I had a split ring on a MiroLure 17MR stretch out on me...didn't lose the lure, but at the end of the day the hooks were damaged and the front split ring shot. Replaced both split rings and hooks.


----------



## Half Shell (Jul 19, 2016)

DBStoots said:


> I had a split ring on a MiroLure 17MR stretch out on me...didn't lose the lure, but at the end of the day the hooks were damaged and the front split ring shot. Replaced both split rings and hooks.

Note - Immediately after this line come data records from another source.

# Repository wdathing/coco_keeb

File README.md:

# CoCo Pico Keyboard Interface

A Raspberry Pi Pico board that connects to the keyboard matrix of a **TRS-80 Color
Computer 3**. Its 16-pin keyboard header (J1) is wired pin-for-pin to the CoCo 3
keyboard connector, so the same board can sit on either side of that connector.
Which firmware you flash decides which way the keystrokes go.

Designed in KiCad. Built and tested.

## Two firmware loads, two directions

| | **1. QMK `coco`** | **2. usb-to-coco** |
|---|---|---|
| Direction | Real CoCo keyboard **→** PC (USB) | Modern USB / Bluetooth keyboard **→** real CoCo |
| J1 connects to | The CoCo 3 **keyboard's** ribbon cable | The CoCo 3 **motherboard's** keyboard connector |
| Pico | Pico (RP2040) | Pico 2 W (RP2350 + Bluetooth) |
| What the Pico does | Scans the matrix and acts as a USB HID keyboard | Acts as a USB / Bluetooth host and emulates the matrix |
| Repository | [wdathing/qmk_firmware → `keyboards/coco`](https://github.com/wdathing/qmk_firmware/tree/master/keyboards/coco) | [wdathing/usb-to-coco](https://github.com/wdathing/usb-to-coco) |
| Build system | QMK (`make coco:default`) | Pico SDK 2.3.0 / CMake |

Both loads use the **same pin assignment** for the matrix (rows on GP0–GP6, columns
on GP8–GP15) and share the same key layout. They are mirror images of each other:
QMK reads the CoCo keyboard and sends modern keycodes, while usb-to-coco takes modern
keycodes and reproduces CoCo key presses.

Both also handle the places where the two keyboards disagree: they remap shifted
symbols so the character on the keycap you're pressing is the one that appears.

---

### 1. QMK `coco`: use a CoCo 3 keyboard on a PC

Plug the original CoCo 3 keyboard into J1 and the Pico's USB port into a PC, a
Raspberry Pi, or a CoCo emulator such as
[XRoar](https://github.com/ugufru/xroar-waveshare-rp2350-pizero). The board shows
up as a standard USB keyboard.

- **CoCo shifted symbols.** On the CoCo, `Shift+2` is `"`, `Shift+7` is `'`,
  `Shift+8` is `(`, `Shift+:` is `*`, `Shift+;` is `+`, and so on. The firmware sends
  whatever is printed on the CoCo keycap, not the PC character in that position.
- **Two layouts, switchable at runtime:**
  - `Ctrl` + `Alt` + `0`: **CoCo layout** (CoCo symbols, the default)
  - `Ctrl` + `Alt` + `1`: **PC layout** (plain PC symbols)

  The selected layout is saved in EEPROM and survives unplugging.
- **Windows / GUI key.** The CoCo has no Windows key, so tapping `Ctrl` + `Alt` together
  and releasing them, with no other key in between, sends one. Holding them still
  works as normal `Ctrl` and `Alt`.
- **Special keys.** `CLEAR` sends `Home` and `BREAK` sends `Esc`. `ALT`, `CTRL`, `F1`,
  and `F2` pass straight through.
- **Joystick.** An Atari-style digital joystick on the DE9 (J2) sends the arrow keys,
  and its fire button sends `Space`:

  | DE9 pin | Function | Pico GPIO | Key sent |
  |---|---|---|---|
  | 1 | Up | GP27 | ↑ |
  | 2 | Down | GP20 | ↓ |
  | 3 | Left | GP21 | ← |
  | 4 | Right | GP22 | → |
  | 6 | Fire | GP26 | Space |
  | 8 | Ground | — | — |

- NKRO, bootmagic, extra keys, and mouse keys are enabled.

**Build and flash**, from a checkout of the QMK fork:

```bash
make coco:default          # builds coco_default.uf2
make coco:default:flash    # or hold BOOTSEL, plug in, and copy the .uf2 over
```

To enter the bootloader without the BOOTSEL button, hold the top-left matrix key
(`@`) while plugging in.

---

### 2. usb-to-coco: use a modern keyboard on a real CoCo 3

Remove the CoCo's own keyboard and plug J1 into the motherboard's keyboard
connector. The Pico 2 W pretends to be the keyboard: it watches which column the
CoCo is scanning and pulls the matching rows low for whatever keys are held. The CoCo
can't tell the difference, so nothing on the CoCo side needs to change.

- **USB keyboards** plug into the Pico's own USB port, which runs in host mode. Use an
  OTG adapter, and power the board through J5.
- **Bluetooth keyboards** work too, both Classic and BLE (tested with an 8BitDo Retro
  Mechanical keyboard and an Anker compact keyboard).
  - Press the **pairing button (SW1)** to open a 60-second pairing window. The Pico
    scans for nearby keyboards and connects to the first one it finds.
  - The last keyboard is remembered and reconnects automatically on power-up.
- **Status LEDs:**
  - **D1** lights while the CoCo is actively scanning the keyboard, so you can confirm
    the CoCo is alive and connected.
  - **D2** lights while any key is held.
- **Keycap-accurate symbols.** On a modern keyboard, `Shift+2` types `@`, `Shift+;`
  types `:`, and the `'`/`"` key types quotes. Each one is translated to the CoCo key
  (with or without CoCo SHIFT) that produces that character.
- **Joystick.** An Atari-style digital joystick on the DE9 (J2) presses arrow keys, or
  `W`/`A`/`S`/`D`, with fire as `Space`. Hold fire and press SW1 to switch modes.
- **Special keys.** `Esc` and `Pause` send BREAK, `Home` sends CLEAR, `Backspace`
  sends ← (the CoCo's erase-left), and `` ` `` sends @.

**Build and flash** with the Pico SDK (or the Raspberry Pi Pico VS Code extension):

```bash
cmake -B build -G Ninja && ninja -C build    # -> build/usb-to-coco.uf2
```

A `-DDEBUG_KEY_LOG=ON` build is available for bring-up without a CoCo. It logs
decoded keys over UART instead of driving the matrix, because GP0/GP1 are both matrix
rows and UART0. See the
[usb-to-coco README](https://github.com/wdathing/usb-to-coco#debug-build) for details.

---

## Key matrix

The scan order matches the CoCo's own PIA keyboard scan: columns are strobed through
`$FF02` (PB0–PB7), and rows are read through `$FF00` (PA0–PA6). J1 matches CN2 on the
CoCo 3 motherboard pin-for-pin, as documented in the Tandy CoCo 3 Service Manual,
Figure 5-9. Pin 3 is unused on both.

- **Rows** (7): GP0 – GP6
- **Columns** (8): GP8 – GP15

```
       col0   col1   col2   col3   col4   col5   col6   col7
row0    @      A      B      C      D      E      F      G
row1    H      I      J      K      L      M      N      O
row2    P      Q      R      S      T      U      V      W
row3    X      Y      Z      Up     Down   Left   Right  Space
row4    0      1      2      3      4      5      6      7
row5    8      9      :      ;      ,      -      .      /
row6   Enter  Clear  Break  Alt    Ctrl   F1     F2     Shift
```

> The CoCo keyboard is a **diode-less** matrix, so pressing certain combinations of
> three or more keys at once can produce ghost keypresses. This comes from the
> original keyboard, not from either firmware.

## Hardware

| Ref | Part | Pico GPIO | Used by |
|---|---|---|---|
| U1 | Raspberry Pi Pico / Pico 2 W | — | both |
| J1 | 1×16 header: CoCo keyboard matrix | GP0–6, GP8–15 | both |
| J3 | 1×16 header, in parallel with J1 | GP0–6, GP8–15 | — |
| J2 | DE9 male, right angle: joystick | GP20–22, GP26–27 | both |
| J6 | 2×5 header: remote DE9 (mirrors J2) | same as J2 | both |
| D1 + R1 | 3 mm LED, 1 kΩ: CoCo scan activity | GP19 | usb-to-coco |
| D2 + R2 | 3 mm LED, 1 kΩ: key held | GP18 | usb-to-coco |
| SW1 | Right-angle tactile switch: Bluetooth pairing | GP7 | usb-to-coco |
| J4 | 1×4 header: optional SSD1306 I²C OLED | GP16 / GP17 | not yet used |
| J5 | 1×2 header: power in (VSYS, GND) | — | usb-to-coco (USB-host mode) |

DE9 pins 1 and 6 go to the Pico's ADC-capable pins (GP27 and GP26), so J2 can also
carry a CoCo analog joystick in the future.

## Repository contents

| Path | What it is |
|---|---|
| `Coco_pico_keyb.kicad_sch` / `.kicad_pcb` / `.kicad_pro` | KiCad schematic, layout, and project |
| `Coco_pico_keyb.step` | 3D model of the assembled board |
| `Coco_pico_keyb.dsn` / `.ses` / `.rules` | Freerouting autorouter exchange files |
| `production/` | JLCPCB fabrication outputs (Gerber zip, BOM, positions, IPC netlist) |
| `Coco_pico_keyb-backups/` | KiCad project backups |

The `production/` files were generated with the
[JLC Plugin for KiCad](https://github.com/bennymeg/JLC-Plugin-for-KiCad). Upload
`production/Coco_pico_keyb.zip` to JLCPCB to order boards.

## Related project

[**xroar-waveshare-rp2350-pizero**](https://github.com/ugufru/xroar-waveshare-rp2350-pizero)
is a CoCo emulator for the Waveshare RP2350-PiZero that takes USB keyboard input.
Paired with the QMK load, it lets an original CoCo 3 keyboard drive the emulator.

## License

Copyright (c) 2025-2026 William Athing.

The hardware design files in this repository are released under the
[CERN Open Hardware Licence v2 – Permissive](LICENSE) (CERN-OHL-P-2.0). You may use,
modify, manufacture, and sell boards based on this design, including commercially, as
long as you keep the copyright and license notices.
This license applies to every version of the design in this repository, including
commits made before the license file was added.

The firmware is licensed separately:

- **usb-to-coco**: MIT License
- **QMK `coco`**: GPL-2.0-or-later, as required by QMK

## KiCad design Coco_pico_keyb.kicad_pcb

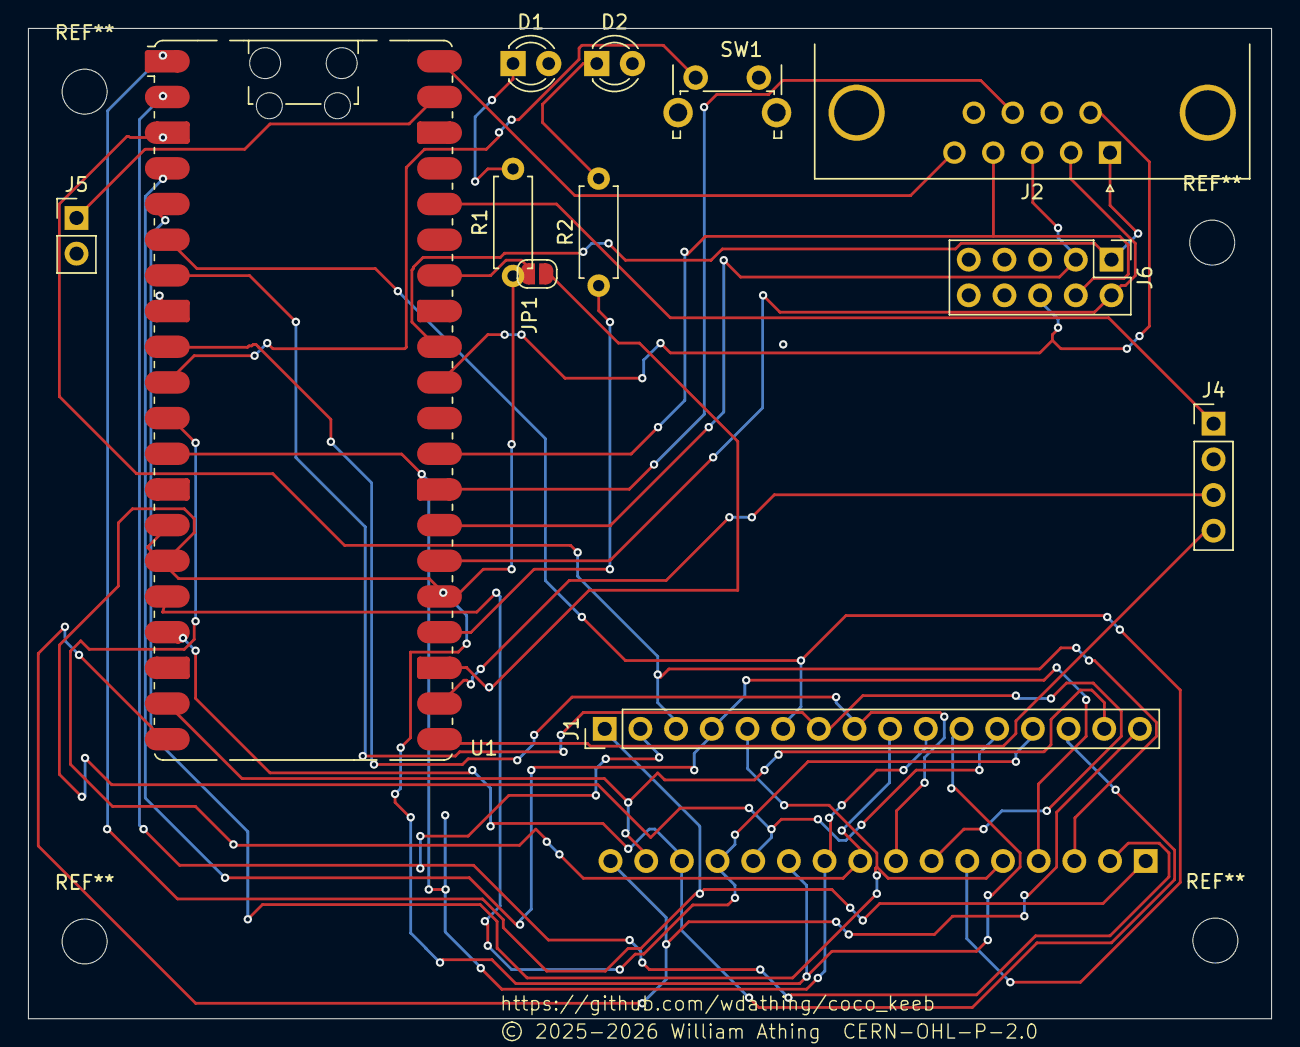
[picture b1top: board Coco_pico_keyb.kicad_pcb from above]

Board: 2 copper layers, 88.5 x 70.5 mm, 13 parts (1 on the bottom side), 34 nets.

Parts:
D1, D2: LED; LED_D3.0mm
J1, J3: Conn_01x16_Pin; PinHeader_1x16_P2.54mm_Vertical
J2: DE9_Plug_MountingHoles; DSUB-9_Pins_Horizontal_P2.77x2.84mm_EdgePinOffset4.94mm_Hou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
J4: SSD1306 I2C Display (optional); PinHeader_1x04_P2.54mm_Vertical
J5: Power In; PinHeader_1x02_P2.54mm_Vertical
J6: Remote DE9; PinHeader_2x05_P2.54mm_Vertical
JP1: OPEN=DRAGON; SolderJumper-2_P1.3mm_Open_RoundedPad1.0x1.5mm
R1, R2: 1K; R_Axial_DIN0207_L6.3mm_D2.5mm_P7.62mm_Horizontal
SW1: Pairing Button; SW_Tactile_SPST_Angled_PTS645Vx39-2LFS
U1: Pico; RaspberryPi_Pico_Common_SMD

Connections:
/3V3: J4.1, U1.36 (3V3)
/BTN_PAIR: SW1.1, U1.10 (GPIO7)
/DRAGON_SEL: JP1.1 (A), U1.34 (GPIO28_ADC2)
/GND: D1.2 (A), D2.2 (A), J4.2, J5.2, J6.8, JP1.2 (B), SW1.2, U1.23 (GND)
/GPIO20: J2.2, J6.2, U1.26 (GPIO20)
/GPIO21: J2.3, J6.3, U1.27 (GPIO21)
/GPIO22: J2.4, J6.4, U1.29 (GPIO22)
/GPIO26_ADC0: J2.6, J6.6, U1.31 (GPIO26_ADC0)
/GPIO27_ADC1: J2.1, J6.1, U1.32 (GPIO27_ADC1)
/I2C0_SCL: J4.3, U1.22 (GPIO17)
/I2C0_SDA: J4.4, U1.21 (GPIO16)
/VSYS: J5.1, U1.39 (VSYS)
unnamed: D1.1 (K), R1.2
unnamed: D2.1 (K), R2.2
unnamed: J1.1, J3.1, U1.1 (GPIO0)
unnamed: J1.2, J3.2, U1.2 (GPIO1)
unnamed: J1.3, J3.3, U1.3 (GND)
unnamed: J1.4, J3.4, U1.4 (GPIO2)
unnamed: J1.5, J3.5, U1.5 (GPIO3)
unnamed: J1.6, J3.6, U1.6 (GPIO4)
unnamed: J1.7, J3.7, U1.7 (GPIO5)
unnamed: J1.8, J3.8, U1.9 (GPIO6)
unnamed: J1.9, J3.9, U1.11 (GPIO8)
unnamed: J1.10, J3.10, U1.12 (GPIO9)
unnamed: J1.11, J3.11, U1.14 (GPIO10)
unnamed: J1.12, J3.12, U1.15 (GPIO11)
unnamed: J1.13, J3.13, U1.16 (GPIO12)
unnamed: J1.14, J3.14, U1.17 (GPIO13)
unnamed: J1.15, J3.15, U1.19 (GPIO14)
unnamed: J1.16, J3.16, U1.20 (GPIO15)
unnamed: J2.8, U1.28 (GND)
unnamed: R2.1, U1.24 (GPIO18)
unnamed: R1.1, U1.25 (GPIO19)
unnamed: J2.5, U1.40 (VBUS)

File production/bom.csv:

Designator,Footprint,Quantity,Value,LCSC Part #
"D1, D2",LED_D3.0mm,2,LED,
"J1, J3",PinHeader_1x16_P2.54mm_Vertical,2,Conn_01x16_Pin,
J2,DSUB-9_Pins_Horizontal_P2.77x2.84mm_EdgePinOffset4.94mm_Housed_MountingHolesOffset4.94mm,1,DE9_Plug_MountingHoles,
J4,PinHeader_1x04_P2.54mm_Vertical,1,SSD1306 I2C Display (optional),
J5,PinHeader_1x02_P2.54mm_Vertical,1,Power In,
J6,PinHeader_2x05_P2.54mm_Vertical,1,Remote DE9,
"R1, R2",R_Axial_DIN0207_L6.3mm_D2.5mm_P7.62mm_Horizontal,2,1K,
SW1,SW_Tactile_SPST_Angled_PTS645Vx39-2LFS,1,Pairing Button,
U1,RaspberryPi_Pico_Common_SMD,1,Pico,

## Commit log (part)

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2025-04-19 first put
2025-05-22 Latest version, first to be built. 100% tested now, works well

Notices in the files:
Coco_pico_keyb.kicad_pcb:
© 2025-2026 William Athing  CERN-OHL-P-2.0

I never would have thought this would happen on a brand new out of the box Rapala lure. A Bass Pro special maybe but not this one. Do I really have to replace the split rings on a $10 lure prior to using it? Jeesh!


----------



## hipshot (Sep 29, 2018)

Probably not. Anything made by man is subject to failure; if you don't hear of a lot more similar incidents I wouldn't worry about it.


----------



## Tautog166 (Jul 7, 2018)

All part of the game. Shit happens. Good or bad it just happens.


----------



## lemaymiami (Feb 9, 2007)

The key to what happened... was that nice loop knot. I won’t use a loop knot with a split ring connection ever -much preferring a clinch knot with a split ring instead...

With a loop knot and a split ring the loop can work into the “split” portion of the ring and allow it to be opened under stress. This much much less likely to occur with a clinch knot.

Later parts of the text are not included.